First find the line with "49.4h14v22.4h-14zM67.4 54.2l-6.5 6.4h-2.5M70.2" in the entries below, then set down exactly every line through the line with "21.3h14M16 24.1h14M142.3 38.2v22.4h-5.6M147.9", that line included.

----

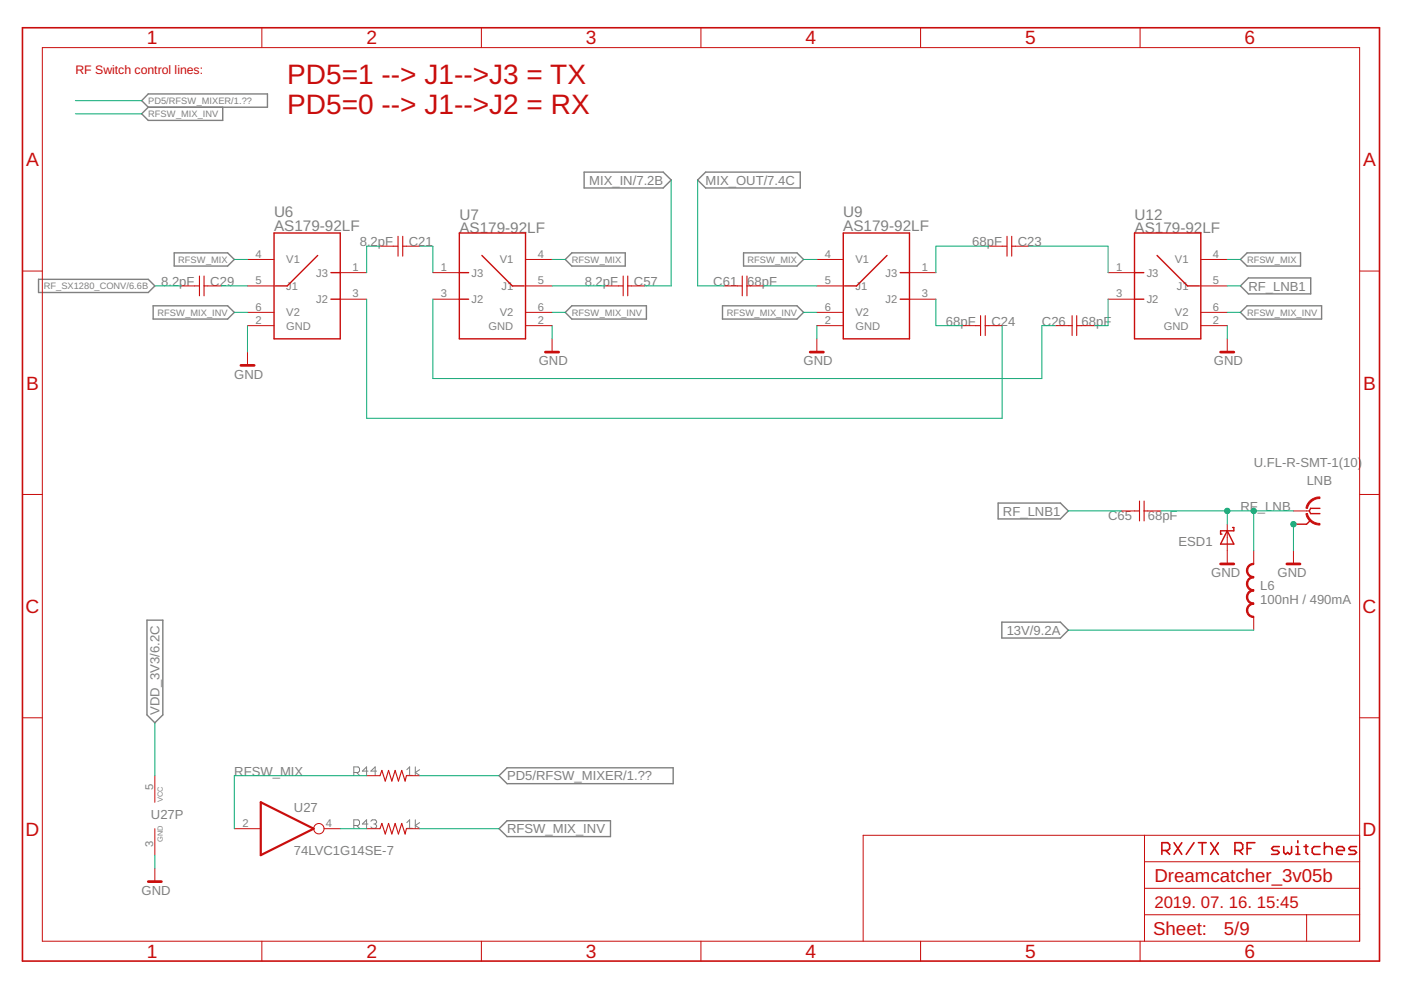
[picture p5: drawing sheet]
<svg xmlns="http://www.w3.org/2000/svg" width="297mm" height="210mm" viewBox="0 0 297 210" stroke-linecap="round" stroke-linejoin="round" font-family="sans-serif">
<g fill="none" stroke="#808080" stroke-width=".21">
<path d="M75 163.8h.9l.3-.3v-.6l-.3-.3h-.9v1.8M75 175h.9l.3-.3v-.6l-.3-.3h-.9v1.8M75.6 163.8l.6 .6M75.6 175l.6 .6M78 163.5h-1.2l.9-.9v1.8M78 174.7h-1.2l.9-.9v1.8M78.6 174.1l.3-.3h.6l.3 .3v.3l-.3 .3M79.2 174.7h.3M79.5 174.7l.3 .3v.3l-.3 .3h-.6l-.3-.3M79.8 163.5h-1.2l.9-.9v1.8M86.3 163.2l.5-.6v1.8M86.3 174.4l.5-.6v1.8"/>
<path d="M86.3 164.4h1.1M86.3 175.6h1.1M88.1 162.6v1.8M88.1 173.8v1.8M89 163.2l-.9 .6 .9 .6M89 174.4l-.9 .6 .9 .6"/>
</g>
<g fill="none" stroke="#808080" stroke-width=".3">
<path d="M31.4 19.9h25.3v2.8h-25.3l-1.4-1.4zM31.4 22.7l-1.4 1.4 1.4 1.4h15.8v-2.8M123.8 36.5h16.8l1.7 1.7-1.7 1.7h-16.8zM147.9 38.2l1.7-1.7h20.1v3.4h-20.1zM8.2 59.2h23.2l1.4 1.4-1.4 1.4h-23.2zM36.9 53.6h11.4l1.4 1.4-1.4 1.4h-11.4zM119.8 55l1.4-1.4h11.4v2.8h-11.4zM157.6 53.6h11.4l1.4 1.4-1.4 1.4h-11.4zM263 55l1.4-1.4h11.3v2.8h-11.3zM32.5 64.8h15.8l1.4 1.4-1.4 1.4h-15.8zM119.8 66.2l1.4-1.4h15.9v2.8h-15.9zM153.2 64.8h15.8l1.4 1.4-1.4 1.4h-15.8z"/>
<path d="M263 60.6l1.7-1.7h13.2v3.4h-13.2zM263 66.2l1.4-1.4h15.8v2.8h-15.8zM211.6 106.7h13.2l1.7 1.6-1.7 1.7h-13.2zM31.2 131.5h3.3v20.1l-1.7 1.6-1.6-1.6zM212.4 131.9h12.4l1.7 1.7-1.7 1.7h-12.4zM105.8 164.5l1.7-1.7h35.2v3.4h-35.2zM107.5 174h21.9v3.4h-21.9l-1.7-1.7z"/>
</g>
<g fill="none" stroke="#c90d0c" stroke-width=".34">
<path d="M4.8 5.9h287.7v197.9h-287.7zM248.9 178.7l1.7 2.4M250.6 178.7l-1.7 2.4M253.2 178.7l-1.7 2.4M254.1 178.7h1.6M254.9 178.7v2.4M256.7 178.7l1.6 2.4M258.3 178.7l-1.6 2.4M264.4 179.9h.8M266.1 178.7h-1.7v2.4M271.2 179.5h-1.2l-.4 .4 .4 .4h.8l.4 .4-.4 .4h-1.2M272.2 179.5v1.2l.4 .4 .4-.4 .4 .4 .4-.4v-1.2"/>
<path d="M274.8 179.5h.4v1.6M275.2 178.3v.4M276.5 179.5h.8M276.9 179.1v1.6l.4 .4M279.9 179.5h-1.3l-.4 .4v.8l.4 .4h1.3M280.8 179.9l.4-.4h.8l.4 .4v1.2M280.8 178.7v2.4M287.6 179.5h-1.2l-.4 .4 .4 .4h.8l.4 .4-.4 .4h-1.2M246.3 180.3h1.3l.4-.4v-.8l-.4-.4h-1.3v2.4M247.2 180.3l.8 .8M261.8 180.3h1.3l.4-.4v-.8l-.4-.4h-1.3v2.4M262.7 180.3l.8 .8"/>
<path d="M274.8 181.1h.8M283.4 180.3h1.6v-.4l-.4-.4h-.8l-.4 .4v.8l.4 .4h.8"/>
</g>
<g fill="none" stroke="#c90d0c" stroke-width=".21">
<path d="M9 10.1h279.3v189.5h-279.3zM55.5 5.9v4.2M102.1 5.9v4.2M148.6 5.9v4.2M195.2 5.9v4.2M241.7 5.9v4.2M4.8 57.5h4.2M52.5 55h5.6M72.1 57.8h5.6M80.6 52.2h2.8M86.2 52.2h2.8M91.8 57.8h5.6"/>
<path d="M111.4 55h5.7M173.2 55h5.6M192.8 57.8h5.6M209.7 52.2h2.8M215.3 52.2h2.8M234.9 57.8h5.6M254.6 55h5.6M288.3 57.5h4.2M38.4 60.6h2.9M44.1 60.6h2.8M52.5 69h5.6M52.5 60.6h5.6"/>
<path d="M52.5 66.2h5.6M52.5 74.7v2.8M72.1 63.4h5.6M91.8 63.4h5.6M111.4 69h5.7M111.4 60.6h5.7M111.4 66.2h5.7M117.1 71.8v2.9M128.3 60.6h2.8M133.9 60.6h2.8M153.5 60.6h2.8M159.2 60.6h2.7"/>
<path d="M173.2 69h5.6M173.2 60.6h5.6M173.2 66.2h5.6M173.2 71.8v2.9M192.8 63.4h5.6M204.1 69h2.8M209.7 69h2.8M223.7 69h2.8M229.3 69h2.8M234.9 63.4h5.6M254.6 69h5.6M254.6 60.6h5.6"/>
<path d="M254.6 66.2h5.6M260.2 71.8v2.9M4.8 104.8h4.2M237.7 108.3h2.8M243.4 108.3h2.8M260.2 111.1v8.5M265.8 116.8v2.8M274.2 108.3h3.4M274.2 116.8v2.8M274.2 111.1h2.8M288.3 104.8h4.2M265.8 130.8v2.8"/>
<path d="M4.8 152.2h4.2M288.3 152.2h4.2M32.8 164.5v5.6M32.8 175.7v5.6M49.7 175.7h5.6M68.7 175.7h3.4M77.7 175.7h2.9M77.7 164.5h2.9M86.2 175.7h2.8M86.2 164.5h2.8M242.7 177.1v22.5M288.3 177.1h-105.3v22.5"/>
<path d="M32.8 184.1v2.8M55.5 199.6v4.2M102.1 199.6v4.2M148.6 199.6v4.2M195.2 199.6v4.2M241.7 199.6v4.2M242.7 194h45.6M242.7 188.3h45.6M242.7 182.7h45.6M277 194v5.6"/>
<circle cx="67.6" cy="175.7" r="1.1"/>
</g>
<g fill="none" stroke="#c90d0c" stroke-width=".23">
<path d="M42.3 58.5v4.2M43.3 58.5v4.2M83.4 52.2h1M84.4 50.1v4.2M85.4 52.2h.8M85.4 50.1v4.2M132.1 58.5v4.2M133.1 58.5v4.2M157.4 58.5v4.2M158.4 58.5v4.2M212.5 52.2h1M213.5 50.1v4.2"/>
<path d="M214.5 50.1v4.2M214.5 52.2h.8M41.3 60.6h1M43.3 60.6h.8M131.1 60.6h1M133.1 60.6h.8M156.3 60.6h1.1M158.4 60.6h.8M206.9 69h1M207.9 66.9v4.2M208.9 66.9v4.2M208.9 69h.8"/>
<path d="M226.5 69h.8M227.3 66.9v4.2M228.3 66.9v4.2M228.3 69h1M240.5 108.3h1.1M241.6 106.2v4.2M242.6 106.2v4.2M242.6 108.3h.8M80.6 164.5l.4-1.2 .7 2.3 .7-2.3 .7 2.3 .7-2.3 .7 2.3 .7-2.3 .7 2.3 .3-1.1M80.6 175.7l.4-1.1 .7 2.2 .7-2.2 .7 2.2 .7-2.2 .7 2.2 .7-2.2 .7 2.2 .3-1.1"/>
</g>
<path d="M51.1 77.5h2.8M115.6 74.7h2.8M171.8 74.7h2.8M258.8 74.7h2.8M258.8 119.6h2.8M272.8 119.6h2.8M31.4 186.9h2.8" fill="none" stroke="#c90d0c" stroke-width=".57"/>
<g fill="none" stroke="#c90d0c" stroke-width=".3">
<path d="M58.1 49.4h14v22.4h-14zM67.4 54.2l-6.5 6.4h-2.5M70.2 57.8h1.9M97.4 49.4h14v22.4h-14zM97.4 57.8h2M102.2 54.2l6.4 6.4h2.5M178.8 49.4h14v22.4h-14zM188.1 54.2l-6.5 6.4h-2.5M190.9 57.8h1.9M240.5 49.4h14.1v22.4h-14.1zM240.5 57.8h2M245.3 54.2l6.5 6.4h2.5"/>
<path d="M70.2 63.4h1.9M97.4 63.4h2M190.9 63.4h1.9M240.5 63.4h2M260.2 112.5l1.4 2.9h-2.8zM261.3 111.8h.3v.7h-2.8v.7h.3M277.9 110.3l-.9 .8M279.8 107.8h-1.9l-.3 .5 .3 .6h1.9"/>
</g>
<g fill="#c90d0c" stroke="#c90d0c" stroke-width=".21">
<path d="M264.3 129.4h.2l.3 .8 .5 .3 .5 .2v.2a1.52 1.52 0 0 1-1.5-1.5z" fill-rule="evenodd"/>
<path d="M264.7 128.3l.6-.4 .5-.1v.3l-.8 .3-.3 .4-.2 .6h-.2l.1-.5z" fill-rule="evenodd"/>
<path d="M264.3 126.6h.2l.3 .8 .5 .3 .5 .1v.3a1.52 1.52 0 0 1-1.5-1.5z" fill-rule="evenodd"/>
<path d="M264.7 125.5l.6-.4 .5-.1v.3l-.8 .3-.3 .4-.2 .6h-.2l.1-.5z" fill-rule="evenodd"/>
<path d="M264.3 123.8h.2l.2 .5 .3 .5 .8 .2v.3a1.52 1.52 0 0 1-1.5-1.5z" fill-rule="evenodd"/>
<path d="M264.7 122.7l.6-.4 .5-.1v.3l-.5 .1-.5 .4-.3 .8h-.2l.1-.5z" fill-rule="evenodd"/>
<path d="M264.3 121h.2l.3 .8 .5 .3 .5 .1v.3a1.52 1.52 0 0 1-1.5-1.5z" fill-rule="evenodd"/>
<path d="M264.7 119.9l.6-.4 .5-.1v.3l-.8 .3-.3 .4-.2 .6h-.2l.1-.5z" fill-rule="evenodd"/>
<path d="M277.6 106.3l.7-.6 .9-.3h.6v.3a2.66 2.66 0 0 0-2.6 2.1l-.3-.1v-.2z" fill-rule="evenodd"/>
<path d="M276.9 108.9h.3a2.65 2.65 0 0 0 2.6 2.1v.3a2.94 2.94 0 0 1-2.9-2.4z" fill-rule="evenodd"/>
</g>
<path d="M55.3 170.1l11.2 5.6-11.2 5.6z" fill="none" stroke="#c90d0c" stroke-width=".47"/>
<g fill="none" stroke="#0dab76" stroke-width=".21">
<path d="M16 21.3h14M16 24.1h14M142.3 38.2v22.4h-5.6M147.9 38.2v22.4h5.6M49.7 55h2.8M80.6 52.2h-2.9v5.6M89 52.2h2.8v5.6M117.1 55h2.7M170.4 55h2.8M209.7 52.2h-11.3v5.6M218.1 52.2h16.8v5.6M260.2 55h2.8"/>
<path d="M32.8 60.6h5.6M46.9 60.6h5.6M49.7 66.2h2.8M52.5 69v5.7M77.7 63.4v25.3h134.8v-19.7M91.8 63.4v16.9h129.1v-11.3h2.8M117.1 69v2.8M117.1 60.6h11.2M117.1 66.2h2.7M161.9 60.6h11.3M170.4 66.2h2.8M173.2 69v2.8"/>
<path d="M198.4 63.4v5.6h5.7M234.9 63.4v5.6h-2.8M260.2 69v2.8M260.2 60.6h2.8M260.2 66.2h2.8M226.5 108.3h11.2M246.2 108.3h28M260.2 108.3v2.8M265.8 108.3v8.5M274.2 111.1v5.7M226.5 133.6h39.3M32.8 153.2v11.3"/>
<path d="M72.1 175.7h5.6M77.7 164.5h-28v11.2M89 164.5h16.8M89 175.7h16.8M32.8 181.3v2.8"/>
</g>
<g fill="#0dab76" stroke="#0dab76" stroke-width=".21">
<circle cx="274.2" cy="111.1" r=".57"/>
<circle cx="260.2" cy="108.3" r=".57"/>
<circle cx="265.8" cy="108.3" r=".57"/>
</g>
<g font-size="5.9" fill="#c90d0c">
<text x="60.9" y="17.8">PD5=1 --&gt; J1--&gt;J3 = TX</text>
<text x="60.9" y="24.1">PD5=0 --&gt; J1--&gt;J2 = RX</text>
</g>
<g font-size="4.1" fill="#c90d0c">
<text x="31.1" y="9.4">1</text>
<text x="77.7" y="9.4">2</text>
<text x="124.2" y="9.4">3</text>
<text x="170.8" y="9.4">4</text>
<text x="217.3" y="9.4">5</text>
<text x="263.9" y="9.4">6</text>
<text x="5.5" y="35.2">A</text>
<text x="289" y="35.2">A</text>
<text x="5.5" y="82.6">B</text>
<text x="289" y="82.6">B</text>
<text x="5.4" y="130">C</text>
<text x="288.9" y="130">C</text>
<text x="5.4" y="177.3">D</text>
<text x="288.9" y="177.3">D</text>
<text x="31.1" y="203.1">1</text>
<text x="77.7" y="203.1">2</text>
<text x="124.2" y="203.1">3</text>
<text x="170.8" y="203.1">4</text>
<text x="217.3" y="203.1">5</text>
<text x="263.9" y="203.1">6</text>
</g>
<g font-size="4" fill="#c90d0c">
<text x="244.8" y="186.9">Dreamcatcher_3v05b</text>
<text x="244.5" y="198.3">Sheet:</text>
<text x="259.5" y="198.2">5/9</text>
</g>
<text font-size="3.6" fill="#c90d0c" x="244.8" y="192.5">2019. 07. 16. 15:45</text>
<g font-size="3.2" fill="#808080">
<text x="58.1" y="46.1">U6</text>
<text x="97.4" y="46.6">U7</text>
<text x="178.8" y="46.1">U9</text>
<text x="240.5" y="46.6">U12</text>
<text x="58.1" y="48.9">AS179-92LF</text>
<text x="97.4" y="49.4">AS179-92LF</text>
<text x="178.8" y="48.9">AS179-92LF</text>
<text x="240.5" y="49.4">AS179-92LF</text>
</g>
<g font-size="2.8" fill="#808080">
<text x="124.9" y="39.2">MIX_IN/7.2B</text>
<text x="149.6" y="39.1">MIX_OUT/7.4C</text>
<text x="76.3" y="52.2">8</text>
<text x="77.8" y="52.2">.2pF</text>
<text x="86.7" y="52.2">C21</text>
<text x="206.1" y="52.2">68pF</text>
<text x="215.8" y="52.2">C23</text>
<text x="34.2" y="60.6">8.2pF</text>
<text x="44.6" y="60.6">C29</text>
<text x="124" y="60.6">8.2pF</text>
<text x="134.4" y="60.6">C57</text>
<text x="151.2" y="60.6">C61</text>
<text x="158.4" y="60.6">68pF</text>
<text x="264.7" y="61.6">RF_LNB1</text>
<text x="200.5" y="69">68pF</text>
<text x="210.2" y="69">C24</text>
<text x="220.9" y="69">C26</text>
<text x="229.3" y="69">68pF</text>
<text x="114.2" y="77.5">GND</text>
<text x="170.4" y="77.5">GND</text>
<text x="257.4" y="77.5">GND</text>
<text x="49.7" y="80.3">GND</text>
<text x="265.8" y="99.1">U.FL-R-SMT-1(10)</text>
<text x="277" y="102.7">LNB</text>
<text x="212.6" y="109.3">RF_LNB1</text>
<text x="234.9" y="110.3">C65</text>
<text x="243.4" y="110.3">68pF</text>
<text x="263" y="108.3">RF_LNB</text>
<text x="249.9" y="115.8">ESD1</text>
<text x="256.8" y="122.4">GND</text>
<text x="267.2" y="125.2">L6</text>
<text x="270.9" y="122.4">GND</text>
<text x="267.2" y="128">100nH / 490mA</text>
<text x="213.4" y="134.6">13V/9.2A</text>
<text x="33.8" y="151.6" transform="rotate(-90 33.8 151.6)">VDD_3V3/6.2C</text>
<text x="49.7" y="164.5">RFSW_MIX</text>
<text x="107.5" y="165.5">PD5/RFSW_MIXER/1.??</text>
<text x="32" y="173.7">U27P</text>
<text x="62.3" y="172.2">U27</text>
<text x="107.5" y="176.7">RFSW_MIX_INV</text>
<text x="62.3" y="181.3">74LVC1G14SE-7</text>
<text x="30" y="189.7">GND</text>
</g>
<text font-size="2.6" fill="#c90d0c" x="16" y="15.7">RF Switch control lines:</text>
<g font-size="2.4" fill="#808080">
<text x="54.2" y="54.6">4</text>
<text x="60.7" y="55.9">V1</text>
<text x="67" y="58.7">J3</text>
<text x="74.7" y="57.4">1</text>
<text x="93.5" y="57.4">1</text>
<text x="100" y="58.7">J3</text>
<text x="105.9" y="55.9">V1</text>
<text x="114" y="54.6">4</text>
<text x="174.9" y="54.6">4</text>
<text x="181.4" y="55.9">V1</text>
<text x="187.7" y="58.7">J3</text>
<text x="195.4" y="57.4">1</text>
<text x="236.7" y="57.4">1</text>
<text x="243.1" y="58.7">J3</text>
<text x="249.1" y="55.9">V1</text>
<text x="257.2" y="54.6">4</text>
<text x="54.2" y="60.2">5</text>
<text x="54.2" y="65.8">6</text>
<text x="60.7" y="61.5">J1</text>
<text x="67" y="64.3">J2</text>
<text x="74.7" y="63">3</text>
<text x="93.5" y="63">3</text>
<text x="100" y="64.3">J2</text>
<text x="106.3" y="61.5">J1</text>
<text x="114" y="60.2">5</text>
<text x="114" y="65.8">6</text>
<text x="174.9" y="60.2">5</text>
<text x="174.9" y="65.8">6</text>
<text x="181.4" y="61.5">J1</text>
<text x="187.7" y="64.3">J2</text>
<text x="195.4" y="63">3</text>
<text x="236.7" y="63">3</text>
<text x="243.1" y="64.3">J2</text>
<text x="249.5" y="61.5">J1</text>
<text x="257.2" y="60.2">5</text>
<text x="257.2" y="65.8">6</text>
<text x="54.2" y="68.6">2</text>
<text x="60.7" y="67.1">V2</text>
<text x="60.7" y="69.9">GND</text>
<text x="103.6" y="69.9">GND</text>
<text x="105.9" y="67.1">V2</text>
<text x="114" y="68.6">2</text>
<text x="174.9" y="68.6">2</text>
<text x="181.4" y="67.1">V2</text>
<text x="181.4" y="69.9">GND</text>
<text x="246.7" y="69.9">GND</text>
<text x="249.1" y="67.1">V2</text>
<text x="257.2" y="68.6">2</text>
<text x="32.4" y="167.5" transform="rotate(-90 32.4 167.5)">5</text>
<text x="32.4" y="179.6" transform="rotate(-90 32.4 179.6)">3</text>
<text x="51.4" y="175.3">2</text>
<text x="69.1" y="175.3">4</text>
</g>
<g font-size="2" fill="#808080">
<text x="31.4" y="22">PD5/RFSW_MIXER/1.??</text>
<text x="31.4" y="24.8">RFSW_MIX_INV</text>
<text x="37.8" y="55.7">RFSW_MIX</text>
<text x="121.3" y="55.7">RFSW_MIX</text>
<text x="158.5" y="55.7">RFSW_MIX</text>
<text x="264.4" y="55.7">RFSW_MIX</text>
<text x="9.3" y="61.3">RF_SX1280_CONV/6.6B</text>
<text x="33.4" y="66.9">RFSW_MIX_INV</text>
<text x="121.3" y="66.9">RFSW_MIX_INV</text>
<text x="154.1" y="66.9">RFSW_MIX_INV</text>
<text x="264.4" y="66.9">RFSW_MIX_INV</text>
</g>
<g font-size="1.6" fill="#808080">
<text x="34.5" y="170.1" transform="rotate(-90 34.5 170.1)">VCC</text>
<text x="34.5" y="178.5" transform="rotate(-90 34.5 178.5)">GND</text>
</g>
</svg>

----

__Exercise solution__:
<path d="M58.1 49.4h14v22.4h-14zM67.4 54.2l-6.5 6.4h-2.5M70.2 57.8h1.9M97.4 49.4h14v22.4h-14zM97.4 57.8h2M102.2 54.2l6.4 6.4h2.5M178.8 49.4h14v22.4h-14zM188.1 54.2l-6.5 6.4h-2.5M190.9 57.8h1.9M240.5 49.4h14.1v22.4h-14.1zM240.5 57.8h2M245.3 54.2l6.5 6.4h2.5"/>
<path d="M70.2 63.4h1.9M97.4 63.4h2M190.9 63.4h1.9M240.5 63.4h2M260.2 112.5l1.4 2.9h-2.8zM261.3 111.8h.3v.7h-2.8v.7h.3M277.9 110.3l-.9 .8M279.8 107.8h-1.9l-.3 .5 .3 .6h1.9"/>
</g>
<g fill="#c90d0c" stroke="#c90d0c" stroke-width=".21">
<path d="M264.3 129.4h.2l.3 .8 .5 .3 .5 .2v.2a1.52 1.52 0 0 1-1.5-1.5z" fill-rule="evenodd"/>
<path d="M264.7 128.3l.6-.4 .5-.1v.3l-.8 .3-.3 .4-.2 .6h-.2l.1-.5z" fill-rule="evenodd"/>
<path d="M264.3 126.6h.2l.3 .8 .5 .3 .5 .1v.3a1.52 1.52 0 0 1-1.5-1.5z" fill-rule="evenodd"/>
<path d="M264.7 125.5l.6-.4 .5-.1v.3l-.8 .3-.3 .4-.2 .6h-.2l.1-.5z" fill-rule="evenodd"/>
<path d="M264.3 123.8h.2l.2 .5 .3 .5 .8 .2v.3a1.52 1.52 0 0 1-1.5-1.5z" fill-rule="evenodd"/>
<path d="M264.7 122.7l.6-.4 .5-.1v.3l-.5 .1-.5 .4-.3 .8h-.2l.1-.5z" fill-rule="evenodd"/>
<path d="M264.3 121h.2l.3 .8 .5 .3 .5 .1v.3a1.52 1.52 0 0 1-1.5-1.5z" fill-rule="evenodd"/>
<path d="M264.7 119.9l.6-.4 .5-.1v.3l-.8 .3-.3 .4-.2 .6h-.2l.1-.5z" fill-rule="evenodd"/>
<path d="M277.6 106.3l.7-.6 .9-.3h.6v.3a2.66 2.66 0 0 0-2.6 2.1l-.3-.1v-.2z" fill-rule="evenodd"/>
<path d="M276.9 108.9h.3a2.65 2.65 0 0 0 2.6 2.1v.3a2.94 2.94 0 0 1-2.9-2.4z" fill-rule="evenodd"/>
</g>
<path d="M55.3 170.1l11.2 5.6-11.2 5.6z" fill="none" stroke="#c90d0c" stroke-width=".47"/>
<g fill="none" stroke="#0dab76" stroke-width=".21">
<path d="M16 21.3h14M16 24.1h14M142.3 38.2v22.4h-5.6M147.9 38.2v22.4h5.6M49.7 55h2.8M80.6 52.2h-2.9v5.6M89 52.2h2.8v5.6M117.1 55h2.7M170.4 55h2.8M209.7 52.2h-11.3v5.6M218.1 52.2h16.8v5.6M260.2 55h2.8"/>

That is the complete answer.